KAIST CS492: Design and Analysis of Concurrent Programs

Logistics

Course description

Context

I expect computers in the next 700 years will be massively parallel. We the humankind want to improve the performance of computers in the era of big data. But it is becoming more and more challenging after the breakdown of Dennard scaling around 2005, which means the performance of sequential computers will not be improved. Thus not only servers but also personal computers have been multi-core systems since then. The problem is only worsened by the ending of the Moore's law, which means we are no longer able to benefit from denser electrical circuit. It seems the only remaining way to optimize performance is specialization, which aims to better exploit parallelism of workloads. Because of these technology trends, I expect computers in the future will be massively parallel.

But we are not ready yet for the era of massive parallelism. The main difficulty lies on handling shared mutable states, which is the main topic of concurrency. To coordinate multiple cores and other resources, their inputs and outputs should be somehow properly synchronized with each other via shared mutable states like memory. But handling shared mutable states is inherently challenging, both theoretically and practically. For example, in the presence of thousands and millions of cores, how to efficiently synchronize concurrent accesses to shared memory? In the presence of nondeterministic interleaving of thread executions, how to make sure the safety of a concurrent program? In the presence of compiler and hardware optimizations, what is the right specification of a concurrent data structure?
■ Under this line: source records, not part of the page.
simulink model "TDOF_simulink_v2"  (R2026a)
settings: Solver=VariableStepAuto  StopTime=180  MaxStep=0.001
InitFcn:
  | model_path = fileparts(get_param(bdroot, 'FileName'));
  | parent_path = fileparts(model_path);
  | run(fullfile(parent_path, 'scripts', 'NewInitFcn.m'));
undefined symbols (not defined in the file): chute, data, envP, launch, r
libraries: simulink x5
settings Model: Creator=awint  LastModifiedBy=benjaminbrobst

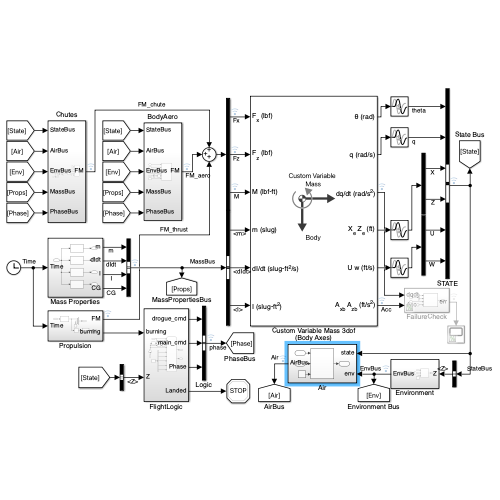
[thumbnail: Simulink's stored preview of the top-level diagram]
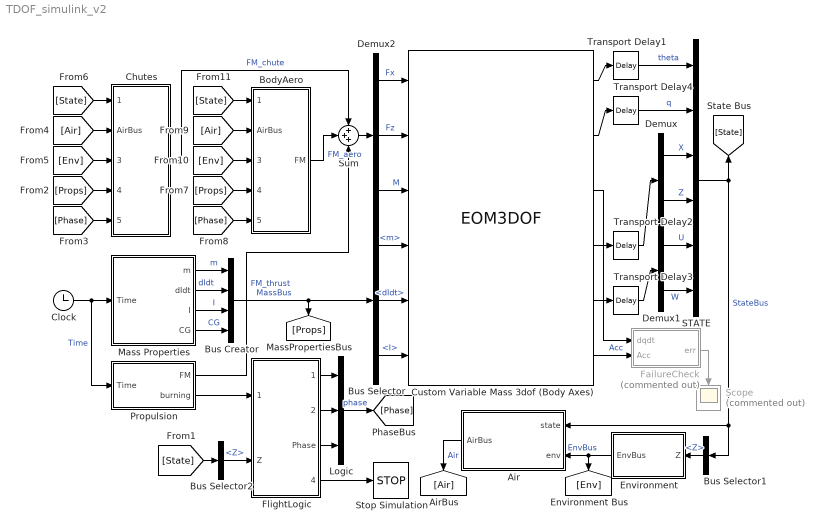
== system TDOF_simulink_v2 ==
  Air : Subsystem
  BodyAero : Subsystem
  Bus Creator : BusCreator  Inputs=4
  Bus Selector : BusSelector  OutputSignals=m,dIdt,I
  Bus Selector1 : BusSelector  OutputSignals=Z
  Bus Selector2 : BusSelector  OutputSignals=Z
  Chutes : Subsystem
  Clock : Clock
  Custom Variable Mass 3dof (Body Axes) : EOM3DOF  units=English (velocity in ft/s)  mtype=Custom Variable  v_ini=0  theta_ini=launch.theta0  g=32.174
  Demux : Demux  Outputs=2
  Demux1 : Demux  Outputs=2
  Demux2 : Demux  Outputs=3
  Environment : Subsystem
  FailureCheck : Subsystem  Commented=on
  FlightLogic : Subsystem
  Logic : BusCreator  Inputs=3
  Mass Properties : Subsystem
  Propulsion : Subsystem
  STATE : BusCreator  Inputs=6
  Scope : Scope  Commented=on
  Stop Simulation : Stop
  Sum : Sum  Inputs=+++
  Transport Delay1 : TransportDelay  DelayTime=0.001  InitialOutput=launch.theta0
  Transport Delay2 : TransportDelay  DelayTime=0.001
  Transport Delay3 : TransportDelay  DelayTime=0.001
  Transport Delay4 : TransportDelay  DelayTime=0.001
  wires:
  Custom Variable Mass 3dof (Body Axes)/1 -> Transport Delay1/1
  Custom Variable Mass 3dof (Body Axes)/2 -> Transport Delay4/1
  STATE/1 -> [State], Bus Selector1/1, Air/1(state)  "StateBus"
  Demux2/1 -> Custom Variable Mass 3dof (Body Axes)/1  "Fx"
  Demux2/2 -> Custom Variable Mass 3dof (Body Axes)/2  "Fz"
  Demux2/3 -> Custom Variable Mass 3dof (Body Axes)/3  "M"
  Clock/1 -> Mass Properties/1(Time), Propulsion/1(Time)  "Time"
  Bus Selector/1 -> Custom Variable Mass 3dof (Body Axes)/4  "<m>"
  Bus Selector/2 -> Custom Variable Mass 3dof (Body Axes)/5  "<dIdt>"
  Bus Selector/3 -> Custom Variable Mass 3dof (Body Axes)/6  "<I>"
  Propulsion/1(FM) -> Sum/3  "FM_thrust"
  Bus Creator/1 -> Bus Selector/1, [Props]  "MassBus"
  Bus Selector1/1 -> Environment/1(Z)  "<Z>"
  Environment/1(EnvBus) -> [Env], Air/2(env)  "EnvBus"
  Air/1(AirBus) -> [Air]  "Air"
  Propulsion/2(burning) -> FlightLogic/1(burning)
  FlightLogic/4(Landed) -> Stop Simulation/1
  [State] -> Bus Selector2/1
  Bus Selector2/1 -> FlightLogic/2(Z)  "<Z>"
  FlightLogic/3(Phase) -> Logic/3
  FlightLogic/2(main_cmd) -> Logic/2
  FlightLogic/1(drogue_cmd) -> Logic/1
  Logic/1 -> [Phase]  "phase"
  [Props] -> Chutes/4(MassBus)
  [Phase] -> Chutes/5(PhaseBus)
  [State] -> Chutes/1(StateBus)
  [Air] -> Chutes/2(AirBus)
  [Env] -> Chutes/3(EnvBus)
  [State] -> BodyAero/1(StateBus)
  [Air] -> BodyAero/2(AirBus)
  [Env] -> BodyAero/3(EnvBus)
  [Props] -> BodyAero/4(MassBus)
  [Phase] -> BodyAero/5(PhaseBus)
  Chutes/1(FM) -> Sum/1  "FM_chute"
  BodyAero/1(FM) -> Sum/2  "FM_aero"
  Mass Properties/1(m) -> Bus Creator/1  "m"
  Mass Properties/2(dIdt) -> Bus Creator/2  "dIdt"
  Mass Properties/3(I) -> Bus Creator/3  "I"
  Mass Properties/4(CG) -> Bus Creator/4  "CG"
  Transport Delay1/1 -> STATE/1  "theta"
  Transport Delay4/1 -> STATE/2  "q"
  Demux/1 -> STATE/3  "X"
  Demux/2 -> STATE/4  "Z"
  Demux1/1 -> STATE/5  "U"
  Demux1/2 -> STATE/6  "W"
  Custom Variable Mass 3dof (Body Axes)/6 -> FailureCheck/2(Acc)  "Acc"
  Custom Variable Mass 3dof (Body Axes)/4 -> Transport Delay2/1
  Custom Variable Mass 3dof (Body Axes)/5 -> Transport Delay3/1
  Transport Delay3/1 -> Demux1/1
  Transport Delay2/1 -> Demux/1
  Sum/1 -> Demux2/1
  Custom Variable Mass 3dof (Body Axes)/3 -> FailureCheck/1(dqdt)
  FailureCheck/1(err) -> Scope/1

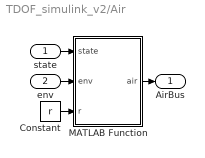
== system TDOF_simulink_v2/Air ==
  state : Inport  OutDataTypeStr=Bus: StateBus
  env : Inport  Port=2  OutDataTypeStr=Bus: EnvBus
  Constant : Constant  Value=r  OutDataTypeStr=Bus: slBus1
  MATLAB Function : MATLAB Function  TreatAsAtomicUnit=on
  AirBus : Outport  OutDataTypeStr=Bus: AirBus
  wires:
  env/1 -> MATLAB Function/2(env)
  state/1 -> MATLAB Function/1(state)
  Constant/1 -> MATLAB Function/3(r)
  MATLAB Function/1(air) -> AirBus/1

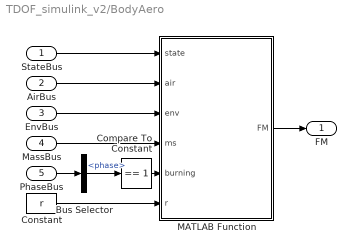
== system TDOF_simulink_v2/BodyAero ==
  StateBus : Inport  OutDataTypeStr=Bus: StateBus
  AirBus : Inport  Port=2  OutDataTypeStr=Bus: AirBus
  EnvBus : Inport  Port=3  OutDataTypeStr=Bus: EnvBus
  MassBus : Inport  Port=4  OutDataTypeStr=Bus: MassBus
  PhaseBus : Inport  Port=5  OutDataTypeStr=Bus: PhaseBus
  Bus Selector : BusSelector  OutputSignals=phase
  Compare To Constant : simulink/Logic and Bit Operations/Compare To Constant  relop===  const=1  OutDataTypeStr=boolean
  Constant : Constant  Value=r  OutDataTypeStr=Bus: slBus1
  MATLAB Function : MATLAB Function  TreatAsAtomicUnit=on
  FM : Outport
  wires:
  MATLAB Function/1(FM) -> FM/1
  StateBus/1 -> MATLAB Function/1(state)
  AirBus/1 -> MATLAB Function/2(air)
  EnvBus/1 -> MATLAB Function/3(env)
  MassBus/1 -> MATLAB Function/4(ms)
  PhaseBus/1 -> Bus Selector/1
  Bus Selector/1 -> Compare To Constant/1  "<phase>"
  Compare To Constant/1 -> MATLAB Function/5(burning)
  Constant/1 -> MATLAB Function/6(r)

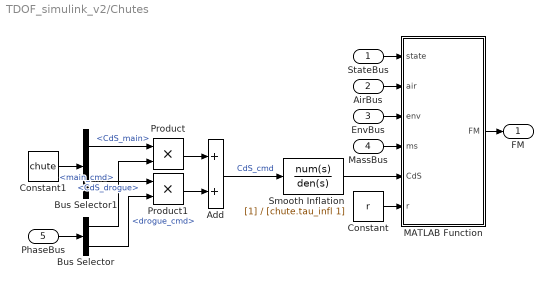
== system TDOF_simulink_v2/Chutes ==
  StateBus : Inport  OutDataTypeStr=Bus: StateBus
  AirBus : Inport  Port=2  OutDataTypeStr=Bus: AirBus
  EnvBus : Inport  Port=3  OutDataTypeStr=Bus: EnvBus
  MassBus : Inport  Port=4  OutDataTypeStr=Bus: MassBus
  PhaseBus : Inport  Port=5  OutDataTypeStr=Bus: PhaseBus
  Add : Sum
  Bus Selector : BusSelector  OutputSignals=main_cmd,drogue_cmd
  Bus Selector1 : BusSelector  OutputSignals=CdS_main,CdS_drogue
  Constant : Constant  Value=r  OutDataTypeStr=Bus: slBus1
  Constant1 : Constant  Value=chute  OutDataTypeStr=Bus: slBus3
  MATLAB Function : MATLAB Function  TreatAsAtomicUnit=on
  Product : Product
  Product1 : Product
  Smooth Inflation : TransferFcn  Denominator=[chute.tau_infl 1]
  FM : Outport
  wires:
  StateBus/1 -> MATLAB Function/1(state)
  AirBus/1 -> MATLAB Function/2(air)
  MATLAB Function/1(FM) -> FM/1
  EnvBus/1 -> MATLAB Function/3(env)
  MassBus/1 -> MATLAB Function/4(ms)
  Constant/1 -> MATLAB Function/6(r)
  PhaseBus/1 -> Bus Selector/1
  Bus Selector/1 -> Product/2  "<main_cmd>"
  Bus Selector/2 -> Product1/2  "<drogue_cmd>"
  Constant1/1 -> Bus Selector1/1
  Bus Selector1/1 -> Product/1  "<CdS_main>"
  Bus Selector1/2 -> Product1/1  "<CdS_drogue>"
  Product/1 -> Add/1
  Product1/1 -> Add/2
  Add/1 -> Smooth Inflation/1  "CdS_cmd"
  Smooth Inflation/1 -> MATLAB Function/5(CdS)

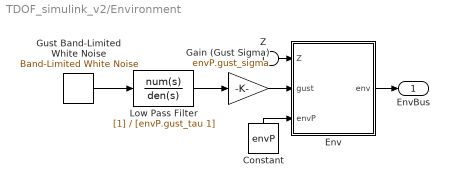
== system TDOF_simulink_v2/Environment ==
  Z : Inport
  Constant : Constant  Value=envP  OutDataTypeStr=Bus: slBus2
  Env : MATLAB Function  TreatAsAtomicUnit=on
  Gain (Gust Sigma) : Gain  Gain=envP.gust_sigma
  Gust Band-Limited White Noise : simulink/Sources/Band-Limited White Noise  Cov=1  Ts=0.1  seed=envP.gust_seed
  Low Pass Filter : TransferFcn  Denominator=[envP.gust_tau 1]
  EnvBus : Outport  OutDataTypeStr=Bus: EnvBus
  wires:
  Env/1(env) -> EnvBus/1
  Z/1 -> Env/1(Z)
  Gain (Gust Sigma)/1 -> Env/2(gust)
  Constant/1 -> Env/3(envP)
  Gust Band-Limited White Noise/1 -> Low Pass Filter/1
  Low Pass Filter/1 -> Gain (Gust Sigma)/1

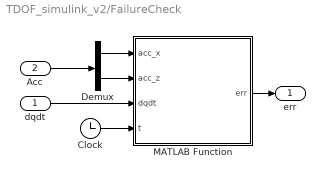
== system TDOF_simulink_v2/FailureCheck ==
  dqdt : Inport
  Acc : Inport  Port=2
  Clock : Clock
  Demux : Demux  Outputs=2
  MATLAB Function : MATLAB Function  TreatAsAtomicUnit=on
  err : Outport
  wires:
  Acc/1 -> Demux/1
  dqdt/1 -> MATLAB Function/3(dqdt)
  Demux/2 -> MATLAB Function/2(acc_z)
  Demux/1 -> MATLAB Function/1(acc_x)
  Clock/1 -> MATLAB Function/4(t)
  MATLAB Function/1(err) -> err/1

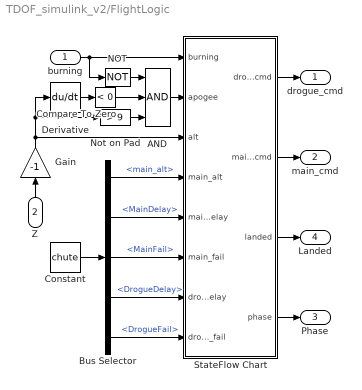
== system TDOF_simulink_v2/FlightLogic ==
  burning : Inport
  Z : Inport  Port=2
  AND : Logic  Inputs=3  AllPortsSameDT=off  OutDataTypeStr=boolean
  Bus Selector : BusSelector  OutputSignals=main_alt,MainDelay,MainFail,DrogueDelay,DrogueFail
  Compare To Zero : simulink/Logic and Bit Operations/Compare To Zero  relop=<  OutDataTypeStr=boolean  ZeroCross=off
  Constant : Constant  Value=chute  OutDataTypeStr=Bus: slBus3
  Derivative : Derivative
  Gain : Gain  Gain=-1
  NOT : Logic  Operator=NOT  AllPortsSameDT=off  OutDataTypeStr=boolean
  Not on Pad : simulink/Logic and Bit Operations/Compare To Constant  relop=>  const=9  OutDataTypeStr=boolean
  StateFlow Chart : Stateflow chart  TreatAsAtomicUnit=on
  drogue_cmd : Outport
  main_cmd : Outport  Port=2
  Phase : Outport  Port=3
  Landed : Outport  Port=4
  wires:
  Z/1 -> Gain/1
  burning/1 -> StateFlow Chart/1(burning), NOT/1
  StateFlow Chart/1(drogue_cmd) -> drogue_cmd/1
  StateFlow Chart/2(main_cmd) -> main_cmd/1
  StateFlow Chart/3(landed) -> Landed/1
  StateFlow Chart/4(phase) -> Phase/1
  Constant/1 -> Bus Selector/1
  Bus Selector/1 -> StateFlow Chart/4(main_alt)  "<main_alt>"
  Bus Selector/5 -> StateFlow Chart/8(drogue_fail)  "<DrogueFail>"
  Bus Selector/2 -> StateFlow Chart/5(main_delay)  "<MainDelay>"
  Bus Selector/3 -> StateFlow Chart/6(main_fail)  "<MainFail>"
  Bus Selector/4 -> StateFlow Chart/7(drogue_delay)  "<DrogueDelay>"
  AND/1 -> StateFlow Chart/2(apogee)
  NOT/1 -> AND/1
  Compare To Zero/1 -> AND/2
  Derivative/1 -> Compare To Zero/1
  Not on Pad/1 -> AND/3
  Gain/1 -> Derivative/1, Not on Pad/1, StateFlow Chart/3(alt)

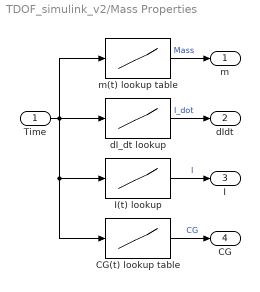
== system TDOF_simulink_v2/Mass Properties ==
  Time : Inport
  CG(t) lookup table : Lookup_n-D  NumberOfTableDimensions=1  BreakpointsForDimension1=data.time_vec  Table=data.CG_vec  ExtrapMethod=Clip  UseLastTableValue=on  InternalRulePriority=Speed  RndMeth=Simplest
  I(t) lookup : Lookup_n-D  NumberOfTableDimensions=1  BreakpointsForDimension1=data.time_vec  Table=data.I_vec  ExtrapMethod=Clip  UseLastTableValue=on  InternalRulePriority=Speed  RndMeth=Simplest
  dI_dt lookup : Lookup_n-D  NumberOfTableDimensions=1  BreakpointsForDimension1=data.time_vec(1:end-1)  Table=data.dI_dt_vec  ExtrapMethod=Clip  UseLastTableValue=on  InternalRulePriority=Speed  RndMeth=Simplest
  m(t) lookup table : Lookup_n-D  NumberOfTableDimensions=1  BreakpointsForDimension1=data.time_vec  Table=data.tot_mass_vec  ExtrapMethod=Clip  UseLastTableValue=on  InternalRulePriority=Speed  RndMeth=Simplest
  m : Outport
  dIdt : Outport  Port=2
  I : Outport  Port=3
  CG : Outport  Port=4
  wires:
  I(t) lookup/1 -> I/1  "I"
  Time/1 -> CG(t) lookup table/1, I(t) lookup/1, dI_dt lookup/1, m(t) lookup table/1
  dI_dt lookup/1 -> dIdt/1  "I_dot"
  m(t) lookup table/1 -> m/1  "Mass"
  CG(t) lookup table/1 -> CG/1  "CG"

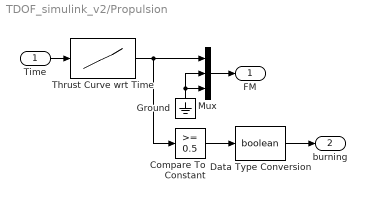
== system TDOF_simulink_v2/Propulsion ==
  Time : Inport
  Compare To Constant : simulink/Logic and Bit Operations/Compare To Constant  relop=>=  const=0.5  OutDataTypeStr=boolean
  Data Type Conversion : DataTypeConversion  OutDataTypeStr=boolean  SaturateOnIntegerOverflow=off  RndMeth=Floor
  Ground : Ground
  Mux : Mux  Inputs=3
  Thrust Curve wrt Time : Lookup_n-D  NumberOfTableDimensions=1  BreakpointsForDimension1=data.time_vec  Table=data.thrust_vec  ExtrapMethod=Clip  UseLastTableValue=on  InternalRulePriority=Speed  RndMeth=Simplest
  FM : Outport
  burning : Outport  Port=2
  wires:
  Time/1 -> Thrust Curve wrt Time/1
  Mux/1 -> FM/1
  Ground/1 -> Mux/3, Mux/2
  Thrust Curve wrt Time/1 -> Compare To Constant/1, Mux/1
  Compare To Constant/1 -> Data Type Conversion/1
  Data Type Conversion/1 -> burning/1

== matlab function TDOF_simulink_v2/Environment/Env ==
  data: Z input; env output Bus: EnvBus; gust input; envP input
function env = Environment_blk(Z, gust,envP)
% Edit the function Environment.m in MATLAB proper for easier commits.
env = Environment(Z,gust,envP);
end

== matlab function TDOF_simulink_v2/BodyAero/MATLAB Function ==
  data: state input Bus: StateBus; FM output; air input Bus: AirBus; env input Bus: EnvBus; ms input Bus: MassBus; burning input boolean; r input Bus: slBus1
function FM = BodyAero_blk(state, air, env, ms, burning, r)
% From the current state, air, environment, mass properties, phase, and
% fixed rocket characteristics, determine the forces and moments on the
% body.
% To edit this function, go to BodyAero.m. This is done for a better commit
% structure.
FM = BodyAero(state, air, env, ms, burning, r);
end

== matlab function TDOF_simulink_v2/FailureCheck/MATLAB Function ==
  data: acc_x input; err output; acc_z input; dqdt input; t input
function err = failureMode_blk(acc_x,acc_z,dqdt,t)
% failureMode_blk -- runs failureMode.m script in /scripts/functions.
% If linear or angular acceleration is too much, yield a warning/error
% string.
err = failureMode(acc_x,acc_z,dqdt,t);

== matlab function TDOF_simulink_v2/Chutes/MATLAB Function ==
  data: state input Bus: StateBus; FM output; air input Bus: AirBus; env input Bus: EnvBus; ms input Bus: MassBus; CdS input; r input Bus: slBus1
function FM = Chute_blk(state, air, env, ms, CdS, r)
% Returns the forces and moments associated with drogue or drogue and main
% deployment.
% To edit this function, see the file Chute.m and edit there for better
% commit structuring.
FM = Chute(state, air, env, ms, CdS, r);
end

== matlab function TDOF_simulink_v2/Air/MATLAB Function ==
  data: state input Bus: StateBus; env input Bus: EnvBus; air output Bus: AirBus; r input Bus: slBus1
function air = AirData_blk(state, env, r)
% Converts environmental data into air data relevant and relative to the
% rocket's current frame. Also gives dynamic pressure, mach number, and
% angle of attack (alpha).
% To edit this function, goto the actual AirData.m script (for better
% GitHub commits).
air = AirData(env,state,r);
end

== stateflow chart TDOF_simulink_v2/FlightLogic/StateFlow Chart ==
  settings: updateMethod=DISCRETE  sampleTime=0.01
  state FlightPhase [parallel]
    settings: executionOrder=1
    state Pad
      en: phase=0; drogue_cmd=0; main_cmd=0; landed=0;
    state Boost
      en: phase=1;
    state Coast
      en: phase=2;
    state Drogue
      en: phase=3;
    state Landed
      en: phase=6; landed=1;
    state MainDelay
      en: phase=4;
    state Main
      en: phase=5;
    (default) -> Pad
    Pad -> Boost : [burning]
    Boost -> Landed [order 2] : [alt <= -5]
    Boost -> Coast [order 1] : [~burning]
    Coast -> Landed [order 2] : [alt <= 0]
    Coast -> Drogue [order 1] : [apogee]
    Drogue -> Landed [order 2] : [alt <= 0]
    Drogue -> MainDelay [order 1] : [alt < main_alt]
    Main -> Landed : [alt <= 0]
    MainDelay -> Landed [order 2] : [alt <= 0]
    MainDelay -> Main [order 1] : after(main_delay, sec)
  state DrogueLogic [parallel]
    settings: executionOrder=2
    state Stowed
    state Pending
    state Failed
      en: drogue_cmd=0;
    state Deployed
      en: drogue_cmd=1;
    (default) -> DrogueLogic.Stowed
    DrogueLogic.Stowed -> Pending [order 1] : [in(FlightPhase.Drogue) && ~drogue_fail]
    DrogueLogic.Stowed -> DrogueLogic.Failed [order 2] : [in(FlightPhase.Drogue) && drogue_fail]
    Pending -> DrogueLogic.Deployed : after(drogue_delay, sec)
  state MainLogic [parallel]
    settings: executionOrder=3
    state Stowed
    state Failed
      en: main_cmd=0;
    state Deployed
      en: main_cmd=1;
    (default) -> MainLogic.Stowed
    MainLogic.Stowed -> MainLogic.Deployed [order 2] : [in(FlightPhase.Main) && ~main_fail]
    MainLogic.Stowed -> MainLogic.Failed [order 1] : [in(FlightPhase.Main) && main_fail]
  data: burning input boolean; apogee input boolean; alt input double; drogue_cmd output double; main_cmd output double; landed output double; phase output double; main_alt input double; main_delay input; main_fail input; drogue_delay input; drogue_fail input

Fortunately, the theory of shared mutable states has advanced quite impressively in the past five years, and now it is greatly helpful in designing and analyzing practical systems with shared mutable states. So in this course, we will discuss the recent theory of shared mutable states and its application to real-world practical systems.

Goal

This course is geared towards senior undergraduate/graduate students in computer science (or related disciplines) who are interested in the modern theory and practice of parallel computer systems. This course aims to help such students to:

  • Understand the motivations and challenges in concurrent programming
  • Learn design patterns and reasoning principles of concurrent programs
  • Design, implement, and evaluate concurrent programs
  • Apply the understanding to real-world parallel systems

Textbook

  • Slides
  • Classical papers and libraries (TBA)

Tools

  • We will use Rust as the language of implementation, because its ownership type system greatly simplifies the reasoning of shared mutable states without incurring significant runtime overheads.

  • You should host all your implementation in GitHub.

Prerequisites

  • It is strongly recommended that students already took courses on:

    • Mathematics (freshman calculus, MAS101 & MAS102): proposition statement and proof
    • Data structures (CS206): linked list, stack, queue
    • Systems programming (CS230): memory layout, cache, lock

    Without a proper understanding of these topics, you will likely struggle in this course.

  • Other recommendations which would help you in this course:

    • Basic understanding of computer architecture (CS311)
    • Programming experience in Rust

Grading & honor code

Homework & project (60%)

  • Reading assignment, both paper and code
  • Programming assignment
  • System design, implementation, and evaluation project

Midterm and final exams (40%)

The exams will evaluate your theoretical understanding of shared mutable states.

Attendance (?%)

You should submit a token to the Course Management website for each session. You should submit a token within 12 hours from the beginning of a sessions.

Honor code

Please sign KAIST School of Computing Honor Code.

Communication

  • Course-related announcements and information will be posted on the website as well as on the GitHub issue tracker. You are expected to read all announcements within 24 hours of their being posted. It is highly recommended to watch the repository so that new announcements will automatically be delivered to you email address.

  • Ask your questions via email only if they are either confidential or personal. Otherwise, ask administrative questions in this repository's issue tracker and technical questions in the helpdesk. Any questions failing to do so (e.g. email questions on course materials) will not be answered.

  • Emails to the instructor or TAs should begin with "CS492:" in the subject line, followed by a brief description of the purpose of your email. The content should at least contain your name and student number. Any emails failing to do so (e.g. emails without student number) will not be answered.

  • There is an unofficial Mattermost channel for instant messages. The instructor won't answer your questions here. Discussion among students is strongly encouraged.